=== Dataset excerpts ===

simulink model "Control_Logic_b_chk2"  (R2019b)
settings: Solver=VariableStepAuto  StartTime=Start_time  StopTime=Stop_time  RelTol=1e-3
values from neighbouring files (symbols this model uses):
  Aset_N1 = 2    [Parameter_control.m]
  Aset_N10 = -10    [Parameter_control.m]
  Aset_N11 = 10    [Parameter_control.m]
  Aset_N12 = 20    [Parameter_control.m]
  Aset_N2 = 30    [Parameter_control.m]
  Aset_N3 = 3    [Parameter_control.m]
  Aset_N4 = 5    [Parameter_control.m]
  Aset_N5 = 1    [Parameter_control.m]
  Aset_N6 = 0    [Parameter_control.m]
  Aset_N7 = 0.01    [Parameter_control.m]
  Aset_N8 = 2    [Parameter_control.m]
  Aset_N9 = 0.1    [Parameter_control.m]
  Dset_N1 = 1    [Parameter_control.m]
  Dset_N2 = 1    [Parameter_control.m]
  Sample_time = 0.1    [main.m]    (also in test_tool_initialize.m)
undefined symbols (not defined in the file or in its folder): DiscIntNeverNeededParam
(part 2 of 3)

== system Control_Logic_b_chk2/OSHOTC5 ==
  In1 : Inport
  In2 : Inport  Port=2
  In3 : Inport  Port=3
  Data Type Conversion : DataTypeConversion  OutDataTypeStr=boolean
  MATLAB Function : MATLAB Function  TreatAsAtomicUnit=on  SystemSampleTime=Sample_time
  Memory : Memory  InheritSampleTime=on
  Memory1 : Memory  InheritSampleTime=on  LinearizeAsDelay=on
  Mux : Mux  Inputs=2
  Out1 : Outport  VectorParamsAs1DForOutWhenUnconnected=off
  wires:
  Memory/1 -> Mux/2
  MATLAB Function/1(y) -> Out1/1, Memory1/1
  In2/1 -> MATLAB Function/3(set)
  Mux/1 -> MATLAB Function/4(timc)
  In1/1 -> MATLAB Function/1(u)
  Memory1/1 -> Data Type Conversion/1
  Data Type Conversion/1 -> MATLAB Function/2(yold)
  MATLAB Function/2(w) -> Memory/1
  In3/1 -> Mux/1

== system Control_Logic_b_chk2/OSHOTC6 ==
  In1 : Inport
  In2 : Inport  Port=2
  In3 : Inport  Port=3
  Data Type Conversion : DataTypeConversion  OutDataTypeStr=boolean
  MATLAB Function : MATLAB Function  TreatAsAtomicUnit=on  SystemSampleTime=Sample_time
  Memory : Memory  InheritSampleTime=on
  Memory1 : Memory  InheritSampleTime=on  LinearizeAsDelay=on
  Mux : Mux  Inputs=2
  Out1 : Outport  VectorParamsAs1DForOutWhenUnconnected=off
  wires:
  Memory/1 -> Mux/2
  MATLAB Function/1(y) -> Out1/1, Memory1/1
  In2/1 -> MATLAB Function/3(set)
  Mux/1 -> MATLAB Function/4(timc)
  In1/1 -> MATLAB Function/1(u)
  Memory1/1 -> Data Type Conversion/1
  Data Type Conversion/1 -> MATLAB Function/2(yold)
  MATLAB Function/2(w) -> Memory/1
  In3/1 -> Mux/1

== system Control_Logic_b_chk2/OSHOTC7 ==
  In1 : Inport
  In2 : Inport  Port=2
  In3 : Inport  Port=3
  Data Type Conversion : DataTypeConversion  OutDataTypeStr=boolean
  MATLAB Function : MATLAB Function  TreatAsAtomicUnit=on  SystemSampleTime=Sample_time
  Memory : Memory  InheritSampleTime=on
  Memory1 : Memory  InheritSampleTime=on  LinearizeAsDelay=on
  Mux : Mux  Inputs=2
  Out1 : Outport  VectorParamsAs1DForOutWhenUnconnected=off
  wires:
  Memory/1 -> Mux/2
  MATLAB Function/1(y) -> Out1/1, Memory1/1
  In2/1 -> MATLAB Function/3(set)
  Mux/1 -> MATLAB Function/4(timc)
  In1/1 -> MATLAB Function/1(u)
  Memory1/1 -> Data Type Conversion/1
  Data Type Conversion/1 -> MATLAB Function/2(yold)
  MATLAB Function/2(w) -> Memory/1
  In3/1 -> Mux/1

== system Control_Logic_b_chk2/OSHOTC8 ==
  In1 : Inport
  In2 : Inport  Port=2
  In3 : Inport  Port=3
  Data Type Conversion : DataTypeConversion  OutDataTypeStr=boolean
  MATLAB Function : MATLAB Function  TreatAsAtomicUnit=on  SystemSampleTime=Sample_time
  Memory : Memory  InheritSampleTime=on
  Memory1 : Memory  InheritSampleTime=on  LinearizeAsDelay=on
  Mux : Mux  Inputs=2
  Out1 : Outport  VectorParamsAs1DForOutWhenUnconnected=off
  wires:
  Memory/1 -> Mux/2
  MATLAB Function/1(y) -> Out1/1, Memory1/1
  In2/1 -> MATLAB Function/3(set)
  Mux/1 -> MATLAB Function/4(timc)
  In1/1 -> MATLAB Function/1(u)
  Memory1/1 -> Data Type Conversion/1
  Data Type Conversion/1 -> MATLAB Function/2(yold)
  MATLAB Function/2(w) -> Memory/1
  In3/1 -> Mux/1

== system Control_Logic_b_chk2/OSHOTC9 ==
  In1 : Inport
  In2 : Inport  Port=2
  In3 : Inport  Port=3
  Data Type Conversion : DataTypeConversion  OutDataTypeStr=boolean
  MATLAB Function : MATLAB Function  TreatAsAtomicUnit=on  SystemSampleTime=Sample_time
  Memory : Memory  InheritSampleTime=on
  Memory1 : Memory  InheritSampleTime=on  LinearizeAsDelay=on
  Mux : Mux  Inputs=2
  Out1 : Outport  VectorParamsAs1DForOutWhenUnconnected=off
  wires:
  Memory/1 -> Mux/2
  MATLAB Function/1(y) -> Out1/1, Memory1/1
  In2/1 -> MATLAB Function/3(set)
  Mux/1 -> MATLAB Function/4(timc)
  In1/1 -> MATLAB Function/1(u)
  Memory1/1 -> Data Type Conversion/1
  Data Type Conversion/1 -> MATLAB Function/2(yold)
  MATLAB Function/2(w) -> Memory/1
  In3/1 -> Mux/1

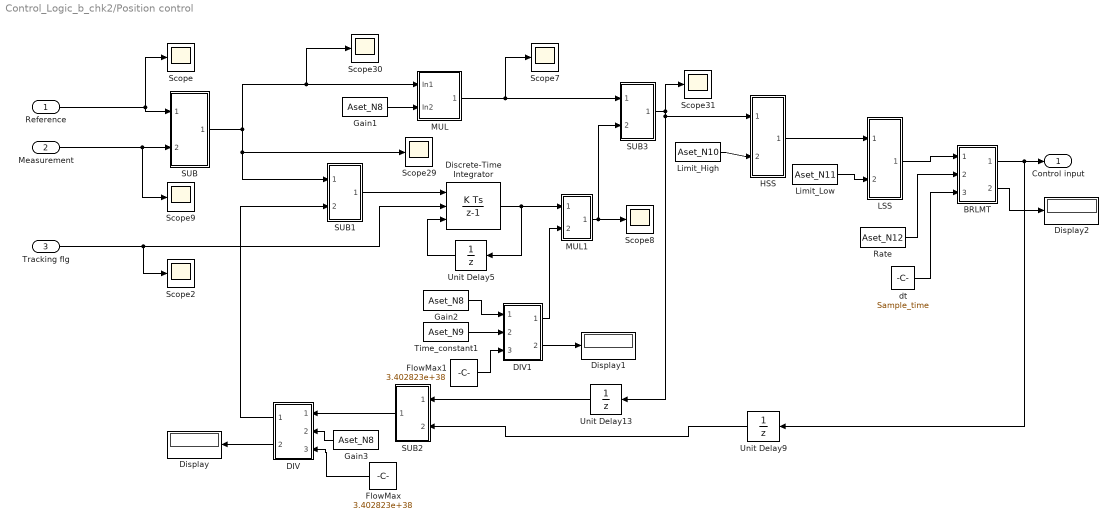
== system Control_Logic_b_chk2/Position control ==
  Reference : Inport
  Measurement : Inport  Port=2
  Tracking flg : Inport  Port=3
  BRLMT : Subsystem
  DIV : Subsystem
  DIV1 : Subsystem
  Discrete-Time Integrator : DiscreteIntegrator  ExternalReset=level  InitialConditionSource=external  SampleTime=Sample_time  ICPrevOutput=DiscIntNeverNeededParam  ICPrevScaledInput=DiscIntNeverNeededParam
  Display : Display
  Display1 : Display
  Display2 : Display
  FlowMax : Constant  Value=3.402823e+38  OutDataTypeStr=double  SampleTime=Sample_time
  FlowMax1 : Constant  Value=3.402823e+38  OutDataTypeStr=double  SampleTime=Sample_time
  Gain1 : Constant  Value=Aset_N8  OutDataTypeStr=double  SampleTime=Sample_time
  Gain2 : Constant  Value=Aset_N8  OutDataTypeStr=double  SampleTime=Sample_time
  Gain3 : Constant  Value=Aset_N8  OutDataTypeStr=double  SampleTime=Sample_time
  HSS : Subsystem
  LSS : Subsystem
  Limit_High : Constant  Value=Aset_N10  OutDataTypeStr=double  SampleTime=Sample_time
  Limit_Low : Constant  Value=Aset_N11  OutDataTypeStr=double  SampleTime=Sample_time
  MUL : Subsystem
  MUL1 : Subsystem
  Rate : Constant  Value=Aset_N12  OutDataTypeStr=double  SampleTime=Sample_time
  SUB : Subsystem
  SUB1 : Subsystem
  SUB2 : Subsystem
  SUB3 : Subsystem
  Scope{,2,7..9,29..31} (8 alike) : Scope
  Time_constant1 : Constant  Value=Aset_N9  OutDataTypeStr=double  SampleTime=Sample_time
  Unit Delay13 : UnitDelay  SampleTime=Sample_time  HasFrameUpgradeWarning=on
  Unit Delay5 : UnitDelay  SampleTime=Sample_time  HasFrameUpgradeWarning=on
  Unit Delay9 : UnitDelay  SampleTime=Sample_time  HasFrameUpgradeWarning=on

===

Brief:
Could you return all lines from the data above that contain the string "DiscIntNeverNeededParam"?

Completed task:
undefined symbols (not defined in the file or in its folder): DiscIntNeverNeededParam
  Discrete-Time Integrator : DiscreteIntegrator  ExternalReset=level  InitialConditionSource=external  SampleTime=Sample_time  ICPrevOutput=DiscIntNeverNeededParam  ICPrevScaledInput=DiscIntNeverNeededParam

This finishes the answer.